At the field scale, the yield estimation results demonstrated high accuracy when validated against field-measured yield data from 2022 and 2023, effectively capturing spatial yield variability. The estimated values showed strong correlation with observations (R² > 0.65, p < 0.01), with more stable performance and lower errors in fields exhibiting uniform yields. Across both years, the overall estimation accuracy reached R² = 0.73, RMSE = 287.44 kg/ha, and MRE = 10.02%. Notably, the highest precision was achieved in 2023 (RMSE = 271.07 kg/ha, MRE = 8.57%), confirming the effectiveness of the dataset for fine-scale yield estimation.
At the regional scale (municipal level), this case aggregated 2019–2022 yield maps to the corresponding administrative units and compared them with official statistics (Figure 22.6).

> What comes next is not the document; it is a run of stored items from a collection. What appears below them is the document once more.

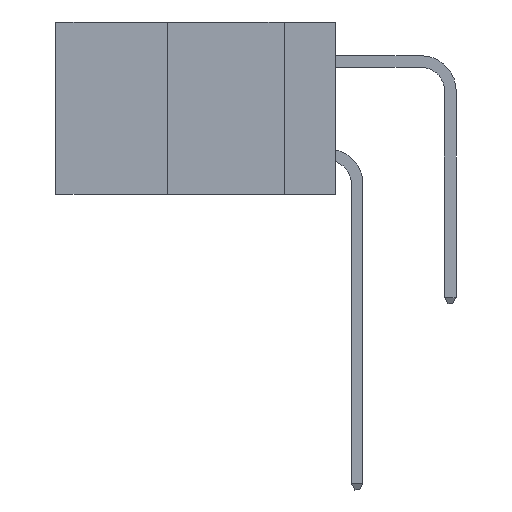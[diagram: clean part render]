
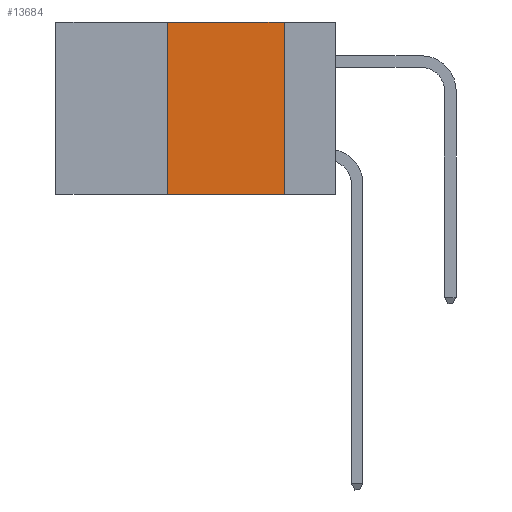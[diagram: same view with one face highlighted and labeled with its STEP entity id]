
A CAD part, left-side view. The second image highlights one B-rep face of the part: STEP entity #13684.
In plain terms, the highlighted planar face has unit normal (-1, 0, 0).
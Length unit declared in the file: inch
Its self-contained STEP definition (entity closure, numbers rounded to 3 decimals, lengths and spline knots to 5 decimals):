
#369 = CARTESIAN_POINT ( 'NONE',  ( 0., 0.36, 0. ) ) ;
#477 = DIRECTION ( 'NONE',  ( 0., 0., 1. ) ) ;
#724 = EDGE_CURVE ( 'NONE', #16953, #2716, #5365, .T. ) ;
#1041 = CARTESIAN_POINT ( 'NONE',  ( 0., 0.6, -0.37 ) ) ;
#1203 = VERTEX_POINT ( 'NONE', #4558 ) ;
#2326 = CARTESIAN_POINT ( 'NONE',  ( 0., 0.11, 0. ) ) ;
#2457 = PLANE ( 'NONE',  #28156 ) ;
#2716 = VERTEX_POINT ( 'NONE', #26644 ) ;
#3823 = VECTOR ( 'NONE', #10653, 39.37008 ) ;
#4462 = CARTESIAN_POINT ( 'NONE',  ( 0., 0.6, 0. ) ) ;
#4558 = CARTESIAN_POINT ( 'NONE',  ( 0., 0.36, 0. ) ) ;
#5018 = LINE ( 'NONE', #2326, #3823 ) ;
#5365 = LINE ( 'NONE', #1041, #22858 ) ;
#7108 = ORIENTED_EDGE ( 'NONE', *, *, #11291, .F. ) ;
#7394 = ORIENTED_EDGE ( 'NONE', *, *, #724, .T. ) ;
#9040 = CARTESIAN_POINT ( 'NONE',  ( 0., 0.36, -0.37 ) ) ;
#10021 = ORIENTED_EDGE ( 'NONE', *, *, #31358, .F. ) ;
#10464 = EDGE_LOOP ( 'NONE', ( #29149, #10021, #7108, #7394 ) ) ;
#10653 = DIRECTION ( 'NONE',  ( 0., 0., -1. ) ) ;
#11291 = EDGE_CURVE ( 'NONE', #16953, #1203, #22743, .T. ) ;
#11819 = DIRECTION ( 'NONE',  ( 0., -1., 0. ) ) ;
#11975 = CARTESIAN_POINT ( 'NONE',  ( 0., 0.6, 0. ) ) ;
#13684 = ADVANCED_FACE ( 'NONE', ( #24873 ), #2457, .F. ) ;
#14169 = DIRECTION ( 'NONE',  ( 0., -1., 0. ) ) ;
#16953 = VERTEX_POINT ( 'NONE', #9040 ) ;
#17386 = LINE ( 'NONE', #4462, #25525 ) ;
#20262 = CARTESIAN_POINT ( 'NONE',  ( 0., 0.11, 0. ) ) ;
#20281 = DIRECTION ( 'NONE',  ( 0., 0., -1. ) ) ;
#21164 = VECTOR ( 'NONE', #477, 39.37008 ) ;
#22743 = LINE ( 'NONE', #369, #21164 ) ;
#22858 = VECTOR ( 'NONE', #14169, 39.37008 ) ;
#24323 = EDGE_CURVE ( 'NONE', #29253, #2716, #5018, .T. ) ;
#24873 = FACE_OUTER_BOUND ( 'NONE', #10464, .T. ) ;
#25525 = VECTOR ( 'NONE', #11819, 39.37008 ) ;
#26644 = CARTESIAN_POINT ( 'NONE',  ( 0., 0.11, -0.37 ) ) ;
#27444 = DIRECTION ( 'NONE',  ( 1., 0., 0. ) ) ;
#28156 = AXIS2_PLACEMENT_3D ( 'NONE', #11975, #27444, #20281 ) ;
#29149 = ORIENTED_EDGE ( 'NONE', *, *, #24323, .F. ) ;
#29253 = VERTEX_POINT ( 'NONE', #20262 ) ;
#31358 = EDGE_CURVE ( 'NONE', #1203, #29253, #17386, .T. ) ;

The estimates demonstrated strong inter-annual consistency, with correlation coefficients exceeding 0.60 (p < 0.01) across all years. The overall validation metrics showed R² = 0.62, RMSE = 272.36 kg/ha, and MRE = 12.08%, with optimal performance in 2022 (MRE < 10%). These results confirm that the hybrid modeling framework maintains robust stability and applicability at the regional scale.
The spatial distribution maps of remotely estimated soybean yields from 2019 to 2023 are shown in Figure 22.7. Overall, the pixel-scale yield estimation not only captures yield information at a finer resolution but also demonstrates commendable performance at the municipal level. Furthermore, this method enables dynamic and flexible yield estimation based on available data, showing significant potential for large-scale soybean yield evaluation.
22.5 Discussion
The hybrid modeling framework developed in this case demonstrates significant advantages in improving soybean yield estimation accuracy and spatiotemporal generalizability. However, several limitations should be acknowledged. First, the model parameters were not calibrated through data assimilation, which could lead to relatively larger estimation errors in topographically complex regions. Second, the GRU model training process involves redundant information and potential overfitting issues, affecting its generalizability across years or regions. Additionally, uncertainties in remote sensing input data (e.g., LAI retrieval accuracy, mixed-pixel effects, and downscaling of ERA5 data) could further influence yield estimation precision. To enhance model applicability, future research should prioritize developing eco-regionalization frameworks based on climatic, topographic, and agricultural management factors to optimize parameters and minimize input redundancy. Additionally, integrating high-resolution environmental data with advanced data assimilation techniques could further improve model scalability and robustness in regional applications.
22.6 Conclusions
This case developed a 20 m-resolution soybean yield dataset for Northeast China (2019-2023) by integrating the WOFOST crop model with GRU neural networks and multi-source remote sensing/environmental data. The yield estimates demonstrated robust accuracy and spatiotemporal stability across validation scales, achieving a field-level RMSE of 287.44 kg/ha and municipal-scale mean MRE of 11.46%. MODIS data correction effectively mitigated Sentinel-2 image gaps, enhancing spatial consistency. The framework provides high-resolution, reliable support for precision agriculture implementation, regional yield monitoring, and food security policy-making, showing with the powerful potential for applications in developing countries lacking earth observations.